[What to produce]
Return all of the following entries as written, but without the images.

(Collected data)
====
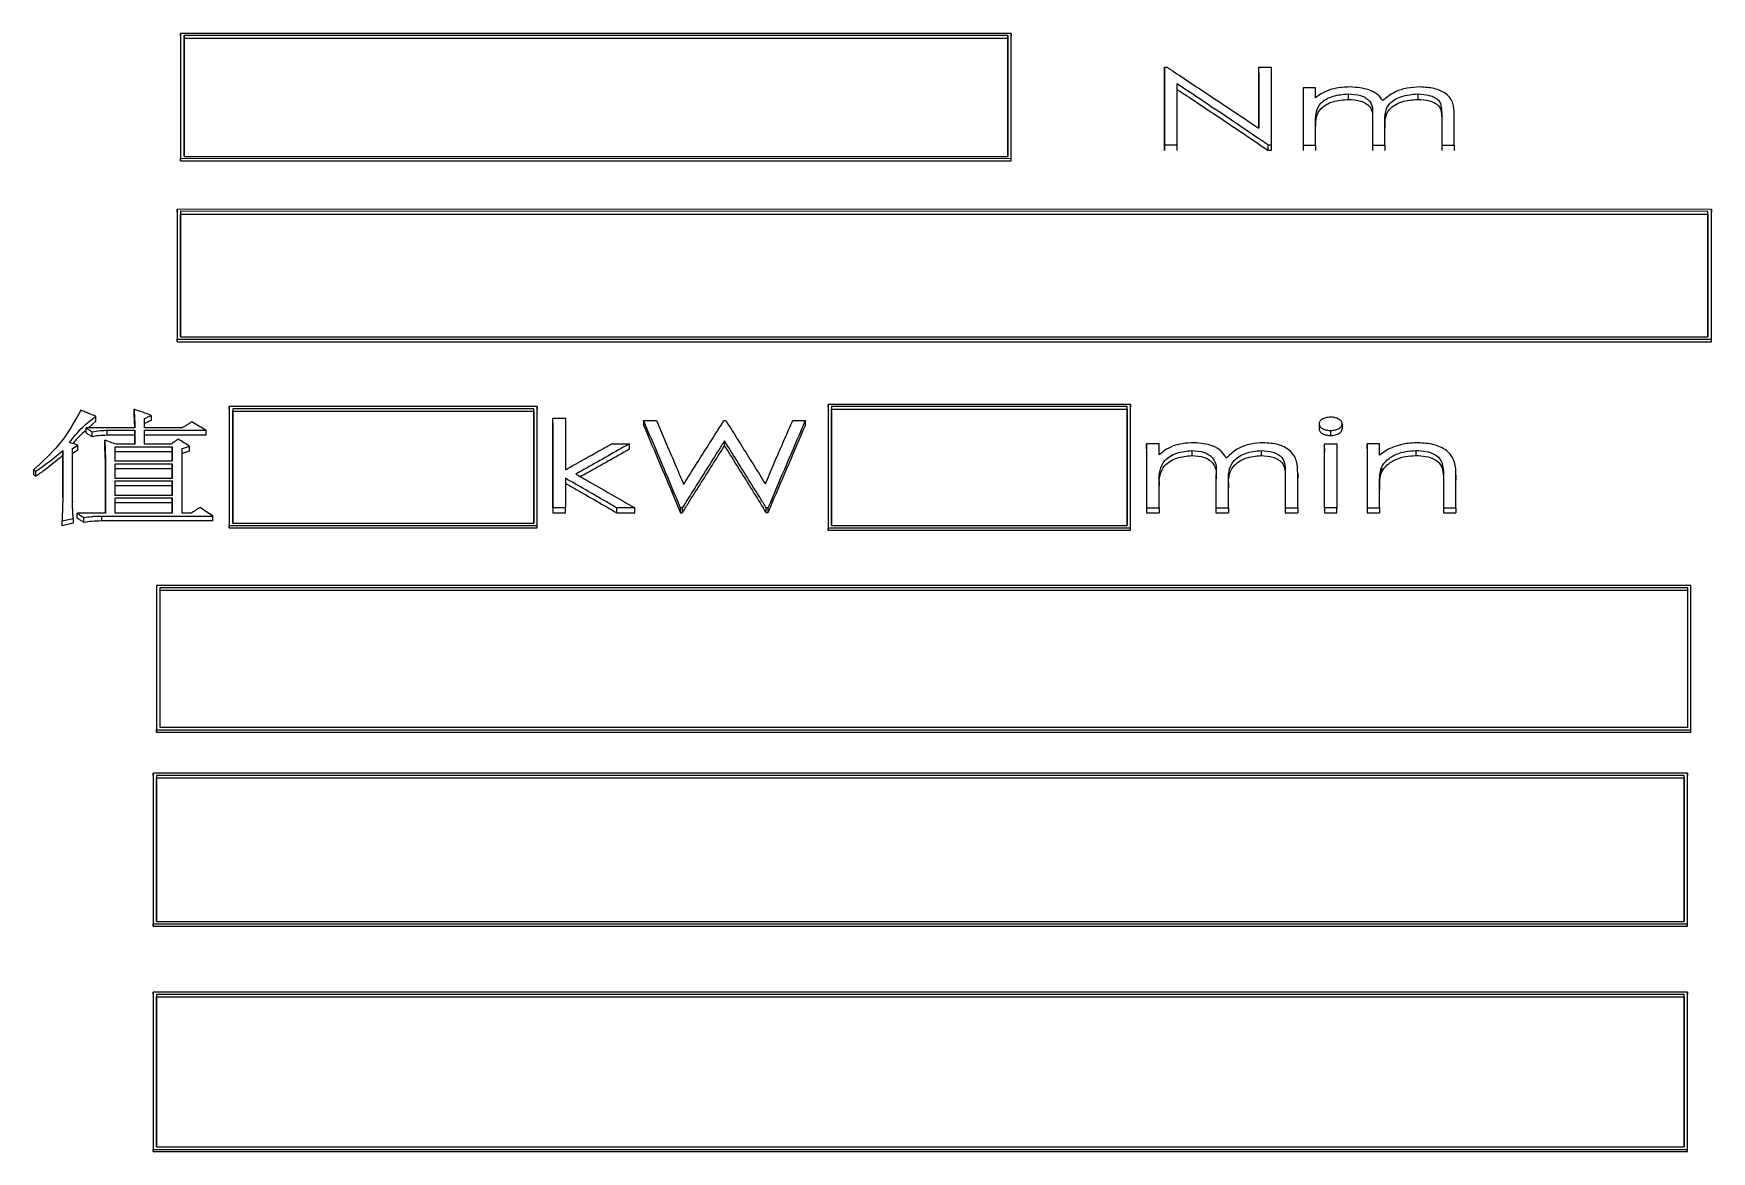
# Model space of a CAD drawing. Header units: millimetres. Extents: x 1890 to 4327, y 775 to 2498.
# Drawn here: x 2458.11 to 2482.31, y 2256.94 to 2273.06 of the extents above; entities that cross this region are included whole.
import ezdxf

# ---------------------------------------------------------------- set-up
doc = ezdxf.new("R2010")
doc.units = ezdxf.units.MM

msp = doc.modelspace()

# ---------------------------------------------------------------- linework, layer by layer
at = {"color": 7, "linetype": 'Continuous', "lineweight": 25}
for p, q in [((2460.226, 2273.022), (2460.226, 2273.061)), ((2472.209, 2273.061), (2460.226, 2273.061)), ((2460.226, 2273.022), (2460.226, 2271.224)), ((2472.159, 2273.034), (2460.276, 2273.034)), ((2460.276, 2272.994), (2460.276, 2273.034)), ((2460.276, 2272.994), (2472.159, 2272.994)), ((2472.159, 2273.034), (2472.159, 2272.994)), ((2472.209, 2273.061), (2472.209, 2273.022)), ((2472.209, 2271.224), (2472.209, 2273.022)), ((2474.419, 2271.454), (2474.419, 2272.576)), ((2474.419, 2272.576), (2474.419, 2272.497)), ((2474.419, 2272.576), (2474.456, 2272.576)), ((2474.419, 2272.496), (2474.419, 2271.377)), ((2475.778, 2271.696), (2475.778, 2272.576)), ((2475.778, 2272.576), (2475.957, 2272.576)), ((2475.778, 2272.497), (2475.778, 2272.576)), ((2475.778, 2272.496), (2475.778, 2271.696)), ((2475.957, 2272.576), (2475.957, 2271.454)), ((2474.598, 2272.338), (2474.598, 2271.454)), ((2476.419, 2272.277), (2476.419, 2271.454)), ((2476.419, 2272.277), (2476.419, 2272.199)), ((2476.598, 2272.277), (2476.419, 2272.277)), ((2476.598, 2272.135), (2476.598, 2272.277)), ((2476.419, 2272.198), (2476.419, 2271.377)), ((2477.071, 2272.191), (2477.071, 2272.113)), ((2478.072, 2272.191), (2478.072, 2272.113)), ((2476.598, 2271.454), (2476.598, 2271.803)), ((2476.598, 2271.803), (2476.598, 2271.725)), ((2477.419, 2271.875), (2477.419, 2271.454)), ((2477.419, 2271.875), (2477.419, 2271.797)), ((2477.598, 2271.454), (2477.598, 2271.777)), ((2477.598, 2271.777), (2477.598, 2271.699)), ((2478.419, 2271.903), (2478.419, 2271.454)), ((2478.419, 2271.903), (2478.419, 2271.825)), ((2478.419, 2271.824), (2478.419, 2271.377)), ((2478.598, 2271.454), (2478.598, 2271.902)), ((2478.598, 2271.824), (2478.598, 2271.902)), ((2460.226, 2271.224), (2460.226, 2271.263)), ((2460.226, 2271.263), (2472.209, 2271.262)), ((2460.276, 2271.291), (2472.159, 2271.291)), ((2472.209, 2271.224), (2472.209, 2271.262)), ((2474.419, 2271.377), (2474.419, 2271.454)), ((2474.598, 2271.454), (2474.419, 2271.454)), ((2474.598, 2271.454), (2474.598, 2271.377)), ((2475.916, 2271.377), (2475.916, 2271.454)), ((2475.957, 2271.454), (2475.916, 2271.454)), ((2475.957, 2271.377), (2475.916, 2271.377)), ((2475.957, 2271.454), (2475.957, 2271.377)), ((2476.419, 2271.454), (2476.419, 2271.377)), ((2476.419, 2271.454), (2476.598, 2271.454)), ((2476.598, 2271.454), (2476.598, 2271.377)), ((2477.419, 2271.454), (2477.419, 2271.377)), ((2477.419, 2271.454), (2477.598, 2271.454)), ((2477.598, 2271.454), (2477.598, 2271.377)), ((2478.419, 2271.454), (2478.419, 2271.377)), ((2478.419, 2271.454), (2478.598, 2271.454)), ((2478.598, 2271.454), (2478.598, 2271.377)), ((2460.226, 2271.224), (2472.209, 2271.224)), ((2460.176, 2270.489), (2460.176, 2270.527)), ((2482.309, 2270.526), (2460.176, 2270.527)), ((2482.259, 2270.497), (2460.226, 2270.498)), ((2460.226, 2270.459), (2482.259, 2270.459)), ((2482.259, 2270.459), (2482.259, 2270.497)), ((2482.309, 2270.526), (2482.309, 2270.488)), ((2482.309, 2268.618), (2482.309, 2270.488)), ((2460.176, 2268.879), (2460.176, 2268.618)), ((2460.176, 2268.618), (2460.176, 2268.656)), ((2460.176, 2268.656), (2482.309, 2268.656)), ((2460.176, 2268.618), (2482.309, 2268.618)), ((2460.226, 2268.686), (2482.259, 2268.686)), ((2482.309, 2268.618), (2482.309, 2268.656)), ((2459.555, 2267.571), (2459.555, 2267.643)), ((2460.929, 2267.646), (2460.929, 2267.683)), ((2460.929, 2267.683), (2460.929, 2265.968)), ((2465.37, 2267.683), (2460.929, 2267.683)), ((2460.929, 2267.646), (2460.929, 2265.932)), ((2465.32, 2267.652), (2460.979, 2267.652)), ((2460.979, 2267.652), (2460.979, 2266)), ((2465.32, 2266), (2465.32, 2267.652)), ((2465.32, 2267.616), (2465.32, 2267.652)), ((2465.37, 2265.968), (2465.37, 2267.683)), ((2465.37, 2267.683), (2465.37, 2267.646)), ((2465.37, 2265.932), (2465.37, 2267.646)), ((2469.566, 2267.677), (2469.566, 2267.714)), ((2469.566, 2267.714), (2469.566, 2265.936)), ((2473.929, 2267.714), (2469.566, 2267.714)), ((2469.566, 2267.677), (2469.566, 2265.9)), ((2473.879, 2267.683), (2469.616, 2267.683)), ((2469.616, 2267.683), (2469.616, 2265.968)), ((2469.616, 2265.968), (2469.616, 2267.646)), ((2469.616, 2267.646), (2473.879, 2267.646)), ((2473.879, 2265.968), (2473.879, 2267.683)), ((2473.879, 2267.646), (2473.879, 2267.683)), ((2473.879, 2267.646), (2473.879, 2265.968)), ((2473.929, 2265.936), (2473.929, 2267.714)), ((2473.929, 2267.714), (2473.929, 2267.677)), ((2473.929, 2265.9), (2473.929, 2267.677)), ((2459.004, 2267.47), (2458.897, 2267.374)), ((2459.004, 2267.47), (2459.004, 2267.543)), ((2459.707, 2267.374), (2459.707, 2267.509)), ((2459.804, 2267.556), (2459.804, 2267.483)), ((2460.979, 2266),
====
[Expected answer]
# Model space of a CAD drawing. Header units: millimetres. Extents: x 1890 to 4327, y 775 to 2498.
# Drawn here: x 2458.11 to 2482.31, y 2256.94 to 2273.06 of the extents above; entities that cross this region are included whole.
import ezdxf

# ---------------------------------------------------------------- set-up
doc = ezdxf.new("R2010")
doc.units = ezdxf.units.MM

msp = doc.modelspace()

# ---------------------------------------------------------------- linework, layer by layer
at = {"color": 7, "linetype": 'Continuous', "lineweight": 25}
for p, q in [((2460.226, 2273.022), (2460.226, 2273.061)), ((2472.209, 2273.061), (2460.226, 2273.061)), ((2460.226, 2273.022), (2460.226, 2271.224)), ((2472.159, 2273.034), (2460.276, 2273.034)), ((2460.276, 2272.994), (2460.276, 2273.034)), ((2460.276, 2272.994), (2472.159, 2272.994)), ((2472.159, 2273.034), (2472.159, 2272.994)), ((2472.209, 2273.061), (2472.209, 2273.022)), ((2472.209, 2271.224), (2472.209, 2273.022)), ((2474.419, 2271.454), (2474.419, 2272.576)), ((2474.419, 2272.576), (2474.419, 2272.497)), ((2474.419, 2272.576), (2474.456, 2272.576)), ((2474.419, 2272.496), (2474.419, 2271.377)), ((2475.778, 2271.696), (2475.778, 2272.576)), ((2475.778, 2272.576), (2475.957, 2272.576)), ((2475.778, 2272.497), (2475.778, 2272.576)), ((2475.778, 2272.496), (2475.778, 2271.696)), ((2475.957, 2272.576), (2475.957, 2271.454)), ((2474.598, 2272.338), (2474.598, 2271.454)), ((2476.419, 2272.277), (2476.419, 2271.454)), ((2476.419, 2272.277), (2476.419, 2272.199)), ((2476.598, 2272.277), (2476.419, 2272.277)), ((2476.598, 2272.135), (2476.598, 2272.277)), ((2476.419, 2272.198), (2476.419, 2271.377)), ((2477.071, 2272.191), (2477.071, 2272.113)), ((2478.072, 2272.191), (2478.072, 2272.113)), ((2476.598, 2271.454), (2476.598, 2271.803)), ((2476.598, 2271.803), (2476.598, 2271.725)), ((2477.419, 2271.875), (2477.419, 2271.454)), ((2477.419, 2271.875), (2477.419, 2271.797)), ((2477.598, 2271.454), (2477.598, 2271.777)), ((2477.598, 2271.777), (2477.598, 2271.699)), ((2478.419, 2271.903), (2478.419, 2271.454)), ((2478.419, 2271.903), (2478.419, 2271.825)), ((2478.419, 2271.824), (2478.419, 2271.377)), ((2478.598, 2271.454), (2478.598, 2271.902)), ((2478.598, 2271.824), (2478.598, 2271.902)), ((2460.226, 2271.224), (2460.226, 2271.263)), ((2460.226, 2271.263), (2472.209, 2271.262)), ((2460.276, 2271.291), (2472.159, 2271.291)), ((2472.209, 2271.224), (2472.209, 2271.262)), ((2474.419, 2271.377), (2474.419, 2271.454)), ((2474.598, 2271.454), (2474.419, 2271.454)), ((2474.598, 2271.454), (2474.598, 2271.377)), ((2475.916, 2271.377), (2475.916, 2271.454)), ((2475.957, 2271.454), (2475.916, 2271.454)), ((2475.957, 2271.377), (2475.916, 2271.377)), ((2475.957, 2271.454), (2475.957, 2271.377)), ((2476.419, 2271.454), (2476.419, 2271.377)), ((2476.419, 2271.454), (2476.598, 2271.454)), ((2476.598, 2271.454), (2476.598, 2271.377)), ((2477.419, 2271.454), (2477.419, 2271.377)), ((2477.419, 2271.454), (2477.598, 2271.454)), ((2477.598, 2271.454), (2477.598, 2271.377)), ((2478.419, 2271.454), (2478.419, 2271.377)), ((2478.419, 2271.454), (2478.598, 2271.454)), ((2478.598, 2271.454), (2478.598, 2271.377)), ((2460.226, 2271.224), (2472.209, 2271.224)), ((2460.176, 2270.489), (2460.176, 2270.527)), ((2482.309, 2270.526), (2460.176, 2270.527)), ((2482.259, 2270.497), (2460.226, 2270.498)), ((2460.226, 2270.459), (2482.259, 2270.459)), ((2482.259, 2270.459), (2482.259, 2270.497)), ((2482.309, 2270.526), (2482.309, 2270.488)), ((2482.309, 2268.618), (2482.309, 2270.488)), ((2460.176, 2268.879), (2460.176, 2268.618)), ((2460.176, 2268.618), (2460.176, 2268.656)), ((2460.176, 2268.656), (2482.309, 2268.656)), ((2460.176, 2268.618), (2482.309, 2268.618)), ((2460.226, 2268.686), (2482.259, 2268.686)), ((2482.309, 2268.618), (2482.309, 2268.656)), ((2459.555, 2267.571), (2459.555, 2267.643)), ((2460.929, 2267.646), (2460.929, 2267.683)), ((2460.929, 2267.683), (2460.929, 2265.968)), ((2465.37, 2267.683), (2460.929, 2267.683)), ((2460.929, 2267.646), (2460.929, 2265.932)), ((2465.32, 2267.652), (2460.979, 2267.652)), ((2460.979, 2267.652), (2460.979, 2266)), ((2465.32, 2266), (2465.32, 2267.652)), ((2465.32, 2267.616), (2465.32, 2267.652)), ((2465.37, 2265.968), (2465.37, 2267.683)), ((2465.37, 2267.683), (2465.37, 2267.646)), ((2465.37, 2265.932), (2465.37, 2267.646)), ((2469.566, 2267.677), (2469.566, 2267.714)), ((2469.566, 2267.714), (2469.566, 2265.936)), ((2473.929, 2267.714), (2469.566, 2267.714)), ((2469.566, 2267.677), (2469.566, 2265.9)), ((2473.879, 2267.683), (2469.616, 2267.683)), ((2469.616, 2267.683), (2469.616, 2265.968)), ((2469.616, 2265.968), (2469.616, 2267.646)), ((2469.616, 2267.646), (2473.879, 2267.646)), ((2473.879, 2265.968), (2473.879, 2267.683)), ((2473.879, 2267.646), (2473.879, 2267.683)), ((2473.879, 2267.646), (2473.879, 2265.968)), ((2473.929, 2265.936), (2473.929, 2267.714)), ((2473.929, 2267.714), (2473.929, 2267.677)), ((2473.929, 2265.9), (2473.929, 2267.677)), ((2459.004, 2267.47), (2458.897, 2267.374)), ((2459.004, 2267.47), (2459.004, 2267.543)), ((2459.707, 2267.374), (2459.707, 2267.509)), ((2459.804, 2267.556), (2459.804, 2267.483)), ((2460.979, 2266),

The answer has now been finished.